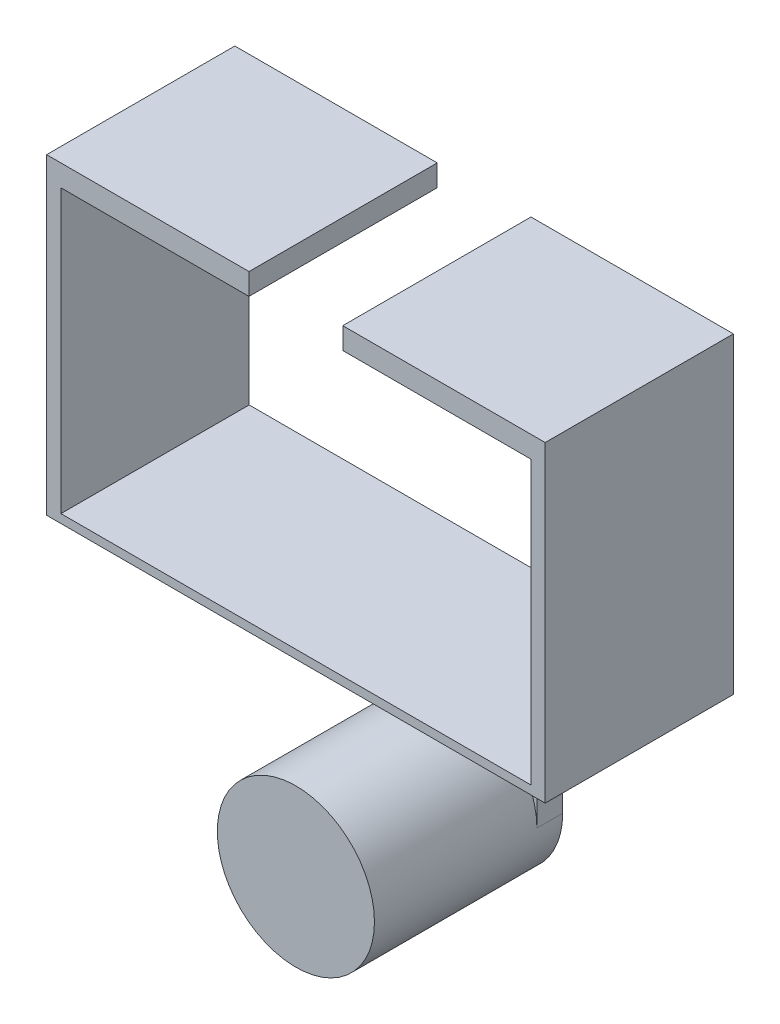
ISO-10303-21;
HEADER;
FILE_DESCRIPTION(('STEP AP214'),'2;1');
FILE_NAME('part.step','',(''),(''),'','','');
FILE_SCHEMA(('AUTOMOTIVE_DESIGN { 1 0 10303 214 1 1 1 1 }'));
ENDSEC;
DATA;
#1=APPLICATION_CONTEXT('core data for automotive mechanical design processes');
#2=APPLICATION_PROTOCOL_DEFINITION('international standard','automotive_design',2000,#1);
#3=PRODUCT_CONTEXT('',#1,'mechanical');
#4=PRODUCT('Part','Part','',(#3));
#5=PRODUCT_RELATED_PRODUCT_CATEGORY('part','',(#4));
#6=PRODUCT_DEFINITION_FORMATION('','',#4);
#7=PRODUCT_DEFINITION_CONTEXT('part definition',#1,'design');
#8=PRODUCT_DEFINITION('design','',#6,#7);
#9=PRODUCT_DEFINITION_SHAPE('','',#8);
#10=(LENGTH_UNIT() NAMED_UNIT(*) SI_UNIT(.MILLI.,.METRE.));
#11=(NAMED_UNIT(*) PLANE_ANGLE_UNIT() SI_UNIT($,.RADIAN.));
#12=(NAMED_UNIT(*) SI_UNIT($,.STERADIAN.) SOLID_ANGLE_UNIT());
#13=UNCERTAINTY_MEASURE_WITH_UNIT(LENGTH_MEASURE(1.E-05),#10,'distance_accuracy_value','');
#14=(GEOMETRIC_REPRESENTATION_CONTEXT(3) GLOBAL_UNCERTAINTY_ASSIGNED_CONTEXT((#13)) GLOBAL_UNIT_ASSIGNED_CONTEXT((#10,
#11,#12)) REPRESENTATION_CONTEXT('',''));
#15=CARTESIAN_POINT('',(0.,0.,0.));
#16=DIRECTION('',(0.,0.,1.));
#17=DIRECTION('',(1.,0.,0.));
#18=AXIS2_PLACEMENT_3D('',#15,#16,#17);
#19=CARTESIAN_POINT('',(0.,0.,25.4));
#20=DIRECTION('',(0.,0.,-1.));
#21=DIRECTION('',(-1.,0.,0.));
#22=AXIS2_PLACEMENT_3D('',#19,#20,#21);
#23=CYLINDRICAL_SURFACE('',#22,10.603707514376);
#24=CARTESIAN_POINT('',(0.,0.,3.47673544034519));
#25=DIRECTION('',(0.,0.,1.));
#26=DIRECTION('',(1.,0.,0.));
#27=AXIS2_PLACEMENT_3D('',#24,#25,#26);
#28=CIRCLE('',#27,10.603707514376);
#29=CARTESIAN_POINT('',(10.603707514376,0.,3.47673544034519));
#30=VERTEX_POINT('',#29);
#31=CARTESIAN_POINT('',(-10.603707514376,0.,3.47673544034519));
#32=VERTEX_POINT('',#31);
#33=EDGE_CURVE('E14',#30,#32,#28,.T.);
#34=ORIENTED_EDGE('',*,*,#33,.T.);
#35=DIRECTION('',(0.,0.,-1.));
#36=VECTOR('',#35,1.);
#37=CARTESIAN_POINT('',(-10.603707514376,0.,3.47673544034518));
#38=LINE('',#37,#36);
#39=CARTESIAN_POINT('',(-10.603707514376,0.,0.));
#40=VERTEX_POINT('',#39);
#41=EDGE_CURVE('E472',#32,#40,#38,.T.);
#42=ORIENTED_EDGE('',*,*,#41,.T.);
#43=CARTESIAN_POINT('',(0.,0.,0.));
#44=DIRECTION('',(0.,0.,1.));
#45=DIRECTION('',(1.,0.,0.));
#46=AXIS2_PLACEMENT_3D('',#43,#44,#45);
#47=CIRCLE('',#46,10.603707514376);
#48=CARTESIAN_POINT('',(10.603707514376,0.,0.));
#49=VERTEX_POINT('',#48);
#50=EDGE_CURVE('E479',#40,#49,#47,.T.);
#51=ORIENTED_EDGE('',*,*,#50,.T.);
#52=DIRECTION('',(0.,0.,-1.));
#53=VECTOR('',#52,1.);
#54=CARTESIAN_POINT('',(10.603707514376,0.,3.47673544034518));
#55=LINE('',#54,#53);
#56=EDGE_CURVE('E288',#30,#49,#55,.T.);
#57=ORIENTED_EDGE('',*,*,#56,.F.);
#58=EDGE_LOOP('',(#34,#42,#51,#57));
#59=FACE_BOUND('',#58,.T.);
#60=CARTESIAN_POINT('',(0.,0.,25.4));
#61=DIRECTION('',(0.,0.,1.));
#62=DIRECTION('',(1.,0.,0.));
#63=AXIS2_PLACEMENT_3D('',#60,#61,#62);
#64=CIRCLE('',#63,10.603707514376);
#65=CARTESIAN_POINT('',(10.603707514376,0.,25.4));
#66=VERTEX_POINT('',#65);
#67=EDGE_CURVE('E281',#66,#66,#64,.T.);
#68=ORIENTED_EDGE('',*,*,#67,.F.);
#69=EDGE_LOOP('',(#68));
#70=FACE_BOUND('',#69,.T.);
#71=ADVANCED_FACE('F274',(#59,#70),#23,.T.);
#72=CARTESIAN_POINT('',(0.,0.,25.4));
#73=DIRECTION('',(0.,0.,1.));
#74=DIRECTION('',(1.,0.,0.));
#75=AXIS2_PLACEMENT_3D('',#72,#73,#74);
#76=PLANE('',#75);
#77=ORIENTED_EDGE('',*,*,#67,.T.);
#78=EDGE_LOOP('',(#77));
#79=FACE_BOUND('',#78,.T.);
#80=ADVANCED_FACE('F516',(#79),#76,.T.);
#81=CARTESIAN_POINT('',(0.,0.,0.));
#82=DIRECTION('',(0.,0.,1.));
#83=DIRECTION('',(1.,0.,0.));
#84=AXIS2_PLACEMENT_3D('',#81,#82,#83);
#85=PLANE('',#84);
#86=ORIENTED_EDGE('',*,*,#50,.F.);
#87=DIRECTION('',(0.,1.,0.));
#88=VECTOR('',#87,1.);
#89=CARTESIAN_POINT('',(-10.603707514376,25.4,0.));
#90=LINE('',#89,#88);
#91=CARTESIAN_POINT('',(-10.603707514376,25.4,0.));
#92=VERTEX_POINT('',#91);
#93=EDGE_CURVE('E413',#40,#92,#90,.T.);
#94=ORIENTED_EDGE('',*,*,#93,.T.);
#95=DIRECTION('',(1.,0.,0.));
#96=VECTOR('',#95,1.);
#97=CARTESIAN_POINT('',(-33.6408091146479,25.4,0.));
#98=LINE('',#97,#96);
#99=CARTESIAN_POINT('',(-33.6408091146479,25.4,0.));
#100=VERTEX_POINT('',#99);
#101=EDGE_CURVE('E403',#100,#92,#98,.T.);
#102=ORIENTED_EDGE('',*,*,#101,.F.);
#103=DIRECTION('',(0.,-1.,0.));
#104=VECTOR('',#103,1.);
#105=CARTESIAN_POINT('',(-33.6408091146479,67.5425986019625,0.));
#106=LINE('',#105,#104);
#107=CARTESIAN_POINT('',(-33.6408091146479,67.5425986019625,0.));
#108=VERTEX_POINT('',#107);
#109=EDGE_CURVE('E387',#108,#100,#106,.T.);
#110=ORIENTED_EDGE('',*,*,#109,.F.);
#111=DIRECTION('',(-1.,0.,0.));
#112=VECTOR('',#111,1.);
#113=CARTESIAN_POINT('',(-6.3246,67.5425986019625,0.));
#114=LINE('',#113,#112);
#115=CARTESIAN_POINT('',(-6.3246,67.5425986019625,0.));
#116=VERTEX_POINT('',#115);
#117=EDGE_CURVE('E397',#116,#108,#114,.T.);
#118=ORIENTED_EDGE('',*,*,#117,.F.);
#119=DIRECTION('',(0.,1.,0.));
#120=VECTOR('',#119,1.);
#121=CARTESIAN_POINT('',(-6.3246,64.6374173140751,0.));
#122=LINE('',#121,#120);
#123=CARTESIAN_POINT('',(-6.3246,64.6374173140751,0.));
#124=VERTEX_POINT('',#123);
#125=EDGE_CURVE('E614',#124,#116,#122,.T.);
#126=ORIENTED_EDGE('',*,*,#125,.F.);
#127=DIRECTION('',(1.,0.,0.));
#128=VECTOR('',#127,1.);
#129=CARTESIAN_POINT('',(-31.70428,64.6374173140751,0.));
#130=LINE('',#129,#128);
#131=CARTESIAN_POINT('',(-31.70428,64.6374173140751,0.));
#132=VERTEX_POINT('',#131);
#133=EDGE_CURVE('E613',#132,#124,#130,.T.);
#134=ORIENTED_EDGE('',*,*,#133,.F.);
#135=DIRECTION('',(0.,1.,0.));
#136=VECTOR('',#135,1.);
#137=CARTESIAN_POINT('',(-31.70428,26.5628173140751,0.));
#138=LINE('',#137,#136);
#139=CARTESIAN_POINT('',(-31.70428,26.5628173140751,0.));
#140=VERTEX_POINT('',#139);
#141=EDGE_CURVE('E609',#140,#132,#138,.T.);
#142=ORIENTED_EDGE('',*,*,#141,.F.);
#143=DIRECTION('',(-1.,0.,0.));
#144=VECTOR('',#143,1.);
#145=CARTESIAN_POINT('',(31.70428,26.5628173140751,0.));
#146=LINE('',#145,#144);
#147=CARTESIAN_POINT('',(31.70428,26.5628173140751,0.));
#148=VERTEX_POINT('',#147);
#149=EDGE_CURVE('E604',#148,#140,#146,.T.);
#150=ORIENTED_EDGE('',*,*,#149,.F.);
#151=DIRECTION('',(0.,-1.,0.));
#152=VECTOR('',#151,1.);
#153=CARTESIAN_POINT('',(31.70428,64.6374173140751,0.));
#154=LINE('',#153,#152);
#155=CARTESIAN_POINT('',(31.70428,64.6374173140751,0.));
#156=VERTEX_POINT('',#155);
#157=EDGE_CURVE('E605',#156,#148,#154,.T.);
#158=ORIENTED_EDGE('',*,*,#157,.F.);
#159=DIRECTION('',(1.,0.,0.));
#160=VECTOR('',#159,1.);
#161=CARTESIAN_POINT('',(6.3246,64.6374173140751,0.));
#162=LINE('',#161,#160);
#163=CARTESIAN_POINT('',(6.3246,64.6374173140751,0.));
#164=VERTEX_POINT('',#163);
#165=EDGE_CURVE('E600',#164,#156,#162,.T.);
#166=ORIENTED_EDGE('',*,*,#165,.F.);
#167=DIRECTION('',(0.,-1.,0.));
#168=VECTOR('',#167,1.);
#169=CARTESIAN_POINT('',(6.3246,67.5425986019625,0.));
#170=LINE('',#169,#168);
#171=CARTESIAN_POINT('',(6.3246,67.5425986019625,0.));
#172=VERTEX_POINT('',#171);
#173=EDGE_CURVE('E593',#172,#164,#170,.T.);
#174=ORIENTED_EDGE('',*,*,#173,.F.);
#175=DIRECTION('',(-1.,0.,0.));
#176=VECTOR('',#175,1.);
#177=CARTESIAN_POINT('',(33.6408091146479,67.5425986019625,0.));
#178=LINE('',#177,#176);
#179=CARTESIAN_POINT('',(33.6408091146479,67.5425986019625,0.));
#180=VERTEX_POINT('',#179);
#181=EDGE_CURVE('E584',#180,#172,#178,.T.);
#182=ORIENTED_EDGE('',*,*,#181,.F.);
#183=DIRECTION('',(0.,1.,0.));
#184=VECTOR('',#183,1.);
#185=CARTESIAN_POINT('',(33.6408091146479,25.4,0.));
#186=LINE('',#185,#184);
#187=CARTESIAN_POINT('',(33.6408091146479,25.4,0.));
#188=VERTEX_POINT('',#187);
#189=EDGE_CURVE('E421',#188,#180,#186,.T.);
#190=ORIENTED_EDGE('',*,*,#189,.F.);
#191=CARTESIAN_POINT('',(10.603707514376,25.4,0.));
#192=VERTEX_POINT('',#191);
#193=EDGE_CURVE('E418',#192,#188,#98,.T.);
#194=ORIENTED_EDGE('',*,*,#193,.F.);
#195=DIRECTION('',(0.,-1.,0.));
#196=VECTOR('',#195,1.);
#197=CARTESIAN_POINT('',(10.603707514376,0.,0.));
#198=LINE('',#197,#196);
#199=EDGE_CURVE('E423',#192,#49,#198,.T.);
#200=ORIENTED_EDGE('',*,*,#199,.T.);
#201=EDGE_LOOP('',(#86,#94,#102,#110,#118,#126,#134,#142,#150,#158,#166,#174,#182,#190,#194,#200));
#202=FACE_BOUND('',#201,.T.);
#203=ADVANCED_FACE('F415',(#202),#85,.F.);
#204=CARTESIAN_POINT('',(0.,0.,3.47673544034518));
#205=DIRECTION('',(0.,0.,1.));
#206=DIRECTION('',(1.,0.,0.));
#207=AXIS2_PLACEMENT_3D('',#204,#205,#206);
#208=PLANE('',#207);
#209=ORIENTED_EDGE('',*,*,#33,.F.);
#210=DIRECTION('',(0.,-1.,0.));
#211=VECTOR('',#210,1.);
#212=CARTESIAN_POINT('',(10.603707514376,0.,3.47673544034518));
#213=LINE('',#212,#211);
#214=CARTESIAN_POINT('',(10.603707514376,25.4,3.47673544034518));
#215=VERTEX_POINT('',#214);
#216=EDGE_CURVE('E468',#215,#30,#213,.T.);
#217=ORIENTED_EDGE('',*,*,#216,.F.);
#218=DIRECTION('',(1.,0.,0.));
#219=VECTOR('',#218,1.);
#220=CARTESIAN_POINT('',(10.603707514376,25.4,3.47673544034518));
#221=LINE('',#220,#219);
#222=CARTESIAN_POINT('',(-10.603707514376,25.4,3.47673544034518));
#223=VERTEX_POINT('',#222);
#224=EDGE_CURVE('E462',#223,#215,#221,.T.);
#225=ORIENTED_EDGE('',*,*,#224,.F.);
#226=DIRECTION('',(0.,1.,0.));
#227=VECTOR('',#226,1.);
#228=CARTESIAN_POINT('',(-10.603707514376,25.4,3.47673544034518));
#229=LINE('',#228,#227);
#230=EDGE_CURVE('E463',#32,#223,#229,.T.);
#231=ORIENTED_EDGE('',*,*,#230,.F.);
#232=EDGE_LOOP('',(#209,#217,#225,#231));
#233=FACE_BOUND('',#232,.T.);
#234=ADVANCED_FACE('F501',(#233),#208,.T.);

..............................

**WHAT IS BEING ASKED**
Of the entries above, transcribe exactly those lines that fall between the line containing "#198=LINE('',#197,#196);" and the line containing "#211=VECTOR('',#210,1.);", together with those two lines.

**RESULT OF THIS EXERCISE**
#198=LINE('',#197,#196);
#199=EDGE_CURVE('E423',#192,#49,#198,.T.);
#200=ORIENTED_EDGE('',*,*,#199,.T.);
#201=EDGE_LOOP('',(#86,#94,#102,#110,#118,#126,#134,#142,#150,#158,#166,#174,#182,#190,#194,#200));
#202=FACE_BOUND('',#201,.T.);
#203=ADVANCED_FACE('F415',(#202),#85,.F.);
#204=CARTESIAN_POINT('',(0.,0.,3.47673544034518));
#205=DIRECTION('',(0.,0.,1.));
#206=DIRECTION('',(1.,0.,0.));
#207=AXIS2_PLACEMENT_3D('',#204,#205,#206);
#208=PLANE('',#207);
#209=ORIENTED_EDGE('',*,*,#33,.F.);
#210=DIRECTION('',(0.,-1.,0.));
#211=VECTOR('',#210,1.);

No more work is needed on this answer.